Monitoring of diverse enteric pathogens across environmental and host reservoirs with TaqMan array cards and standard qPCR: a methodological comparison study

Abstract

Background: Multiple bacteria, viruses, protists, and helminths cause enteric infections that greatly impact human health and wellbeing. These enteropathogens are transmited via several pathways through human, animal, and environmental reservoirs. Individual qPCR assays have been extensively used to detect enteropathogens within these types of samples, whereas the TaqMan array card (TAC), which allows simultaneous detection of multiple enteropathogens, has only previously been validated in human clinical samples.

Methods: In this methodological comparison study, we compared the performance of a custom 48-singleplex TAC relative to standard qPCR. We established the sensitivity and specificity of each method for the detection of eight enteric targets, by using spiked samples with varying levels of PCR inhibition. We then tested the prevalence and abundance of pathogens in wastewater from Melbourne (Australia), and human, animal, and environmental samples from informal settlements in Suva, Fiji using both TAC and qPCR.

Findings: Both methods exhibited similarly h specificity (TAC 100%, qPCR 94%), sensitivity (TAC 92%, qPCR 100%), and quantitation accuracy (TAC 91%, qPCR 99%) in non-inhibited sample matrices with spiked gene fragments. PCR inhibitors substantially affected detection via TAC, though this issue was alleviated by ten-fold sample dilution. Among samples from informal settlements, the two techniques performed similarly for detection (89% agreement) and quantitation (R² 0·82) for the eight enteropathogen targets. The TAC additionally included 38 other enteric targets, enabling detection of diverse faecal pathogens and extensive environmental contamination that would be prohibitively labour intensive to assay by standard qPCR.

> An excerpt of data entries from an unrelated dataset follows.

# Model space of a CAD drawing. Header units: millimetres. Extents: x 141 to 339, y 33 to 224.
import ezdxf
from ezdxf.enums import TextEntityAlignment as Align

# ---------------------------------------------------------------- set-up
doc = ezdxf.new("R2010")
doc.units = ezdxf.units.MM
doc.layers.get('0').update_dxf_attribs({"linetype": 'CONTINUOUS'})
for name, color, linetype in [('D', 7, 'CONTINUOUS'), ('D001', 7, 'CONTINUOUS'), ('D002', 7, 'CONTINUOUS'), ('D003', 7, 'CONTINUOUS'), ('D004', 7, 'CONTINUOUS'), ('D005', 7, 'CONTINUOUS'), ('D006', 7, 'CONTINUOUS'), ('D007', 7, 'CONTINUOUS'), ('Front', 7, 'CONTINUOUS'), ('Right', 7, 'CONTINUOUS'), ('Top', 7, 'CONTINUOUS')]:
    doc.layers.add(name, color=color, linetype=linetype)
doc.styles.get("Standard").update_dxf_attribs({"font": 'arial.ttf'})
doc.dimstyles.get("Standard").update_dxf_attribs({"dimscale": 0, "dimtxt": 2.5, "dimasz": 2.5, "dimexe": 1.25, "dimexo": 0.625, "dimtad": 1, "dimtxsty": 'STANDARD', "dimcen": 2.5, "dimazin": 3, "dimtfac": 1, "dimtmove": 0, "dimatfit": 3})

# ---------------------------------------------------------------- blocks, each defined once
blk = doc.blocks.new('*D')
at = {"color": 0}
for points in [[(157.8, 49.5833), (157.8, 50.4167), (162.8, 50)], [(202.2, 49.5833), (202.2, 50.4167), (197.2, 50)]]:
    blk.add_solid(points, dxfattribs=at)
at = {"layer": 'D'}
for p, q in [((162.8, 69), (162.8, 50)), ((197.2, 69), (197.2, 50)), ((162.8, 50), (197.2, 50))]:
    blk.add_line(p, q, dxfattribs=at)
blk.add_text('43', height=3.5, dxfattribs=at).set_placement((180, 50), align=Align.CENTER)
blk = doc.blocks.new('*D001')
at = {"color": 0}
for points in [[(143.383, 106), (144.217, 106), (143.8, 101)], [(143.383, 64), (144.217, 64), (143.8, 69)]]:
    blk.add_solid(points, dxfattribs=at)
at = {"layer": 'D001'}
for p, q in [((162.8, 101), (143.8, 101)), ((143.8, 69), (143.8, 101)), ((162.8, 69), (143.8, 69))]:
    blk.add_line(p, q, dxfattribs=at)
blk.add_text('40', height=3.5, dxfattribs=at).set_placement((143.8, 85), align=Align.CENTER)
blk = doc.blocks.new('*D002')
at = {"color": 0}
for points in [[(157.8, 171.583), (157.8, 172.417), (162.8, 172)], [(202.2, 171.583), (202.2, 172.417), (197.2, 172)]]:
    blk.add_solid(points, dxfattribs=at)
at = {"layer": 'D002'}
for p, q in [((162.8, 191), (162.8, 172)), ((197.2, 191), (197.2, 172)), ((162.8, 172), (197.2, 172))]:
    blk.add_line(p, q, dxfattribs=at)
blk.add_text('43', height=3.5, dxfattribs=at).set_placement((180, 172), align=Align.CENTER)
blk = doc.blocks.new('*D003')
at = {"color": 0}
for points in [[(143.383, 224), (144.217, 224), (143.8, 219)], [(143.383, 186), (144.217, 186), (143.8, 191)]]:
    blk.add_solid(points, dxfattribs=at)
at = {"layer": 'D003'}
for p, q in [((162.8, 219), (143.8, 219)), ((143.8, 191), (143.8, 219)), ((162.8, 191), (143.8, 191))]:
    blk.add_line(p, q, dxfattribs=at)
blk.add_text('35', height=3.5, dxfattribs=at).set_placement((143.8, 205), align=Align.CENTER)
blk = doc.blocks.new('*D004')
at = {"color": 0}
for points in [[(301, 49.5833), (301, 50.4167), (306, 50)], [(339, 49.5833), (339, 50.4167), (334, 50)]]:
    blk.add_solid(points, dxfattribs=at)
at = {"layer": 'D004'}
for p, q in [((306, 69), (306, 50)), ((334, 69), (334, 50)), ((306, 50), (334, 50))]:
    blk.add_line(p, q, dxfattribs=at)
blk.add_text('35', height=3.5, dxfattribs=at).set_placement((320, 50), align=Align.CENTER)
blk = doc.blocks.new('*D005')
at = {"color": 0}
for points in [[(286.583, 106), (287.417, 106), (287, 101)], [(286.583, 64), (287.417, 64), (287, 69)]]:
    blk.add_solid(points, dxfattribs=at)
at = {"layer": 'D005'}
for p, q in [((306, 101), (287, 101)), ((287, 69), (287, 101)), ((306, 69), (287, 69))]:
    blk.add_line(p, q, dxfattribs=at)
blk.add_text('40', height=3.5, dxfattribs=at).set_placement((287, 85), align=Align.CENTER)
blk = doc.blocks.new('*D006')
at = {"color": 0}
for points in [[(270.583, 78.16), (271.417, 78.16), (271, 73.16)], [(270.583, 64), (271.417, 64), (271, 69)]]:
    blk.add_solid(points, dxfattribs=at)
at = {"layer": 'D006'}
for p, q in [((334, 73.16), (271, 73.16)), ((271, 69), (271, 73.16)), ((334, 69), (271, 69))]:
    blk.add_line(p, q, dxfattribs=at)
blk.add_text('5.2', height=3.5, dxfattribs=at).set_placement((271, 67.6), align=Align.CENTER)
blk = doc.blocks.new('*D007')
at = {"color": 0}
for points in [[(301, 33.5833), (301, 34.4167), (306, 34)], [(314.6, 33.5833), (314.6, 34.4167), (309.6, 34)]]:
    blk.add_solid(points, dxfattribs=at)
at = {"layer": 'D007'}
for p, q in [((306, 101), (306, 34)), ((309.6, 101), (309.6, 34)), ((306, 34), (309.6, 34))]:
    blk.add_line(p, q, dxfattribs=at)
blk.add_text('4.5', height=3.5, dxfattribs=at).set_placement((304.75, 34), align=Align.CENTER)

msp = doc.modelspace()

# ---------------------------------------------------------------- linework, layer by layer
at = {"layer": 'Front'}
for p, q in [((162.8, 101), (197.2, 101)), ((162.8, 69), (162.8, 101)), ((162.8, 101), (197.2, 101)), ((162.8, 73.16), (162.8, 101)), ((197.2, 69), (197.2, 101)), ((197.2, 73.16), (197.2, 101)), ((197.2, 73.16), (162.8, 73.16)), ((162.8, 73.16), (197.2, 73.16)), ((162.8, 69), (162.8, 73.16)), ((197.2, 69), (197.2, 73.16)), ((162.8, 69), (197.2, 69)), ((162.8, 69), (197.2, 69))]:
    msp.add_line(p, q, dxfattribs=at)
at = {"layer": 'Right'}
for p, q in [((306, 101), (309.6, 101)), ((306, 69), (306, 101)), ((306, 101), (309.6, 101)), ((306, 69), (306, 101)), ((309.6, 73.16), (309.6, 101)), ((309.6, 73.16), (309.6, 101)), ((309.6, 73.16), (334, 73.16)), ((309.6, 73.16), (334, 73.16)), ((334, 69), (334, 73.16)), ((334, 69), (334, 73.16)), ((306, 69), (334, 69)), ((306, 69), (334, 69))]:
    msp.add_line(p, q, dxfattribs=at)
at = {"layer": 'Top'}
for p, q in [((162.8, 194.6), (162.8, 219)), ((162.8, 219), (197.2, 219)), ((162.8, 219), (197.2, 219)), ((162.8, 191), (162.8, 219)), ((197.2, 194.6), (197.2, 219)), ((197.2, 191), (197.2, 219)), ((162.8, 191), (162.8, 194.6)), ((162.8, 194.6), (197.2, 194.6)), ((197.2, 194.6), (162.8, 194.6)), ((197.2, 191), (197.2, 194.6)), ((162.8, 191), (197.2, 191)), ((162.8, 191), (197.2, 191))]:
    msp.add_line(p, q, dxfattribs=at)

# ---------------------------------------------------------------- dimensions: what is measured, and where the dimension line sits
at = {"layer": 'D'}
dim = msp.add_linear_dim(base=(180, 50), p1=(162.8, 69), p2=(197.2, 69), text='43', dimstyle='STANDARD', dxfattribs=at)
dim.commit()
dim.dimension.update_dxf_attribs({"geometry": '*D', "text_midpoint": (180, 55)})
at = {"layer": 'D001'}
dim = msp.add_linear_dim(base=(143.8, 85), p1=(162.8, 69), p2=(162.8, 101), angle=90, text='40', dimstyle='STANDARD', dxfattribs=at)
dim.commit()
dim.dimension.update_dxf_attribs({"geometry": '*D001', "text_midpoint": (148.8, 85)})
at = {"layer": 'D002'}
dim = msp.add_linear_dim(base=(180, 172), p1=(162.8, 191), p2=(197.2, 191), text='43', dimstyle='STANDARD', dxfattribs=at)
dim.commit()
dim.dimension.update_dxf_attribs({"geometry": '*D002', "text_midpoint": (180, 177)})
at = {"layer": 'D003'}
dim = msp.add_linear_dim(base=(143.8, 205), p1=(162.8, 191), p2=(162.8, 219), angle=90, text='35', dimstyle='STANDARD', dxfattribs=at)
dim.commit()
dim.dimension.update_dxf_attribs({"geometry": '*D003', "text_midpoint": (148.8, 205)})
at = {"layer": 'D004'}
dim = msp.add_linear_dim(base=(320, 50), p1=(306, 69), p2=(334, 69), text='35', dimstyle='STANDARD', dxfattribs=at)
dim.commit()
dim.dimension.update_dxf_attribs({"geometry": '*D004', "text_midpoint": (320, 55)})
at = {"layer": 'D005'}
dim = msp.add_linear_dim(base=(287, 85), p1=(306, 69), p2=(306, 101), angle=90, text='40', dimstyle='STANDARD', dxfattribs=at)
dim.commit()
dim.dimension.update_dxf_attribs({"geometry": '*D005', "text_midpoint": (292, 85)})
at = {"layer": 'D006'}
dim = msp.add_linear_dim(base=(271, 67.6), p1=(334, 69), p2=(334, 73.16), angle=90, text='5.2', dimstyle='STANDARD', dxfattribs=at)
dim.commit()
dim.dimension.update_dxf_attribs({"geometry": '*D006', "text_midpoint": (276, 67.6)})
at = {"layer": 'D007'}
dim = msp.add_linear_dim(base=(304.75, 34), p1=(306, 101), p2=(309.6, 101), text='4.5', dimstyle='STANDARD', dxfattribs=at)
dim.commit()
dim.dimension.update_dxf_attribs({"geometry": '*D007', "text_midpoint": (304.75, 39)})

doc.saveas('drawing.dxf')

Interpretation: The two techniques produced similar results across diverse sample types, with qPCR prioritising greater sensitivity and quantitation accuracy, and TAC trading small reductions in these for a cost-effective larger enteropathogen panel enabling a greater number of enteric pathogens to be analysed concurrently, which is beneficial given the abundance and variety of enteric pathogens in environments such as urban informal settlements. The ability to monitor multiple enteric pathogens across diverse reservoirs could allow better resolution of pathogen exposure pathways, and the design and monitoring of interventions to reduce pathogen load.

Funding: Wellcome Trust Our Planet, Our Health programme.

Figure 1

Quantitation of spiked genetic material in nuclease-free water by TAC and standard qPCR Ten different combinations of spiked material were tested in a randomised double-blinded manner. Figure shows samples spiked randomly in different combinations (samples 1, 3, 4, 6, 9, 10); those spiked at consistent concentrations of 10 copies per μL (sample 7), 100 copies per μL (sample 2), or 1000 copies per μL (sample 8); or not spiked at all (sample 5; a blank control). For each target, the quantity of material spiked (white circle), the copies detected by standard qPCR (blue circle), and the copies detected by TAC (yellow circle) are shown. TAC=TaqMan array card. EPEC=enteropathogenic Escherichia coli. STEC=Shiga toxin-producing Escherichia coli.

Figure 2

Concordance between standard qPCR and TAC in detecting pathogens in animal scats, child stool, soil, and water collected from informal settlements of Suva, Fiji Agreement between the methods with respect to the number of positive detections of targets (A) and the measured target quantity in log₁₀ gene copies per μL of extracted DNA (with a pseudocount of 1 added before log₁₀ transformation; (B). The regression lines with associated 95% CIs are shown for the subset of data where a target was quantified by both methods (blue, R² 0·815). Across all datapoints, R² 0·668 (grey). TAC=TaqMan array card. EPEC=enteropathogenic Escherichia coli. STEC=Shiga toxin-producing Escherichia coli.

Figure 3

Pathogen and indicator targets detected via TAC in Melbourne wastewater samples and animal scats, child stool, soil, and water collected from informal settlements of Suva, Fiji Heatmaps represent the prevalence (percentage of positive samples [A]) and abundance (mean value of log₁₀ gene copies per ng of DNA across positive samples [B]) of each target by sample type. White represents a zero value, and 18S rRNA quantitation was unavailable. The number of pathogens or indicators detected per sample is represented by histograms (C), also by sample type. This excludes the 16S rRNA and 18S rRNA targets and counts pathogens with multiple gene targets (ie, Campylobacter spp, Shigella spp, EAEC, ETEC, STEC, EPEC and Entamoeba spp) only once. TAC=TaqMan array card. EAEC=enteroaggregative Escherichia coli. ETEC=enterotoxigenic Escherichia coli. STEC=Shiga toxin-producing Escherichia coli. EPEC=enteropathogenic Escherichia coli.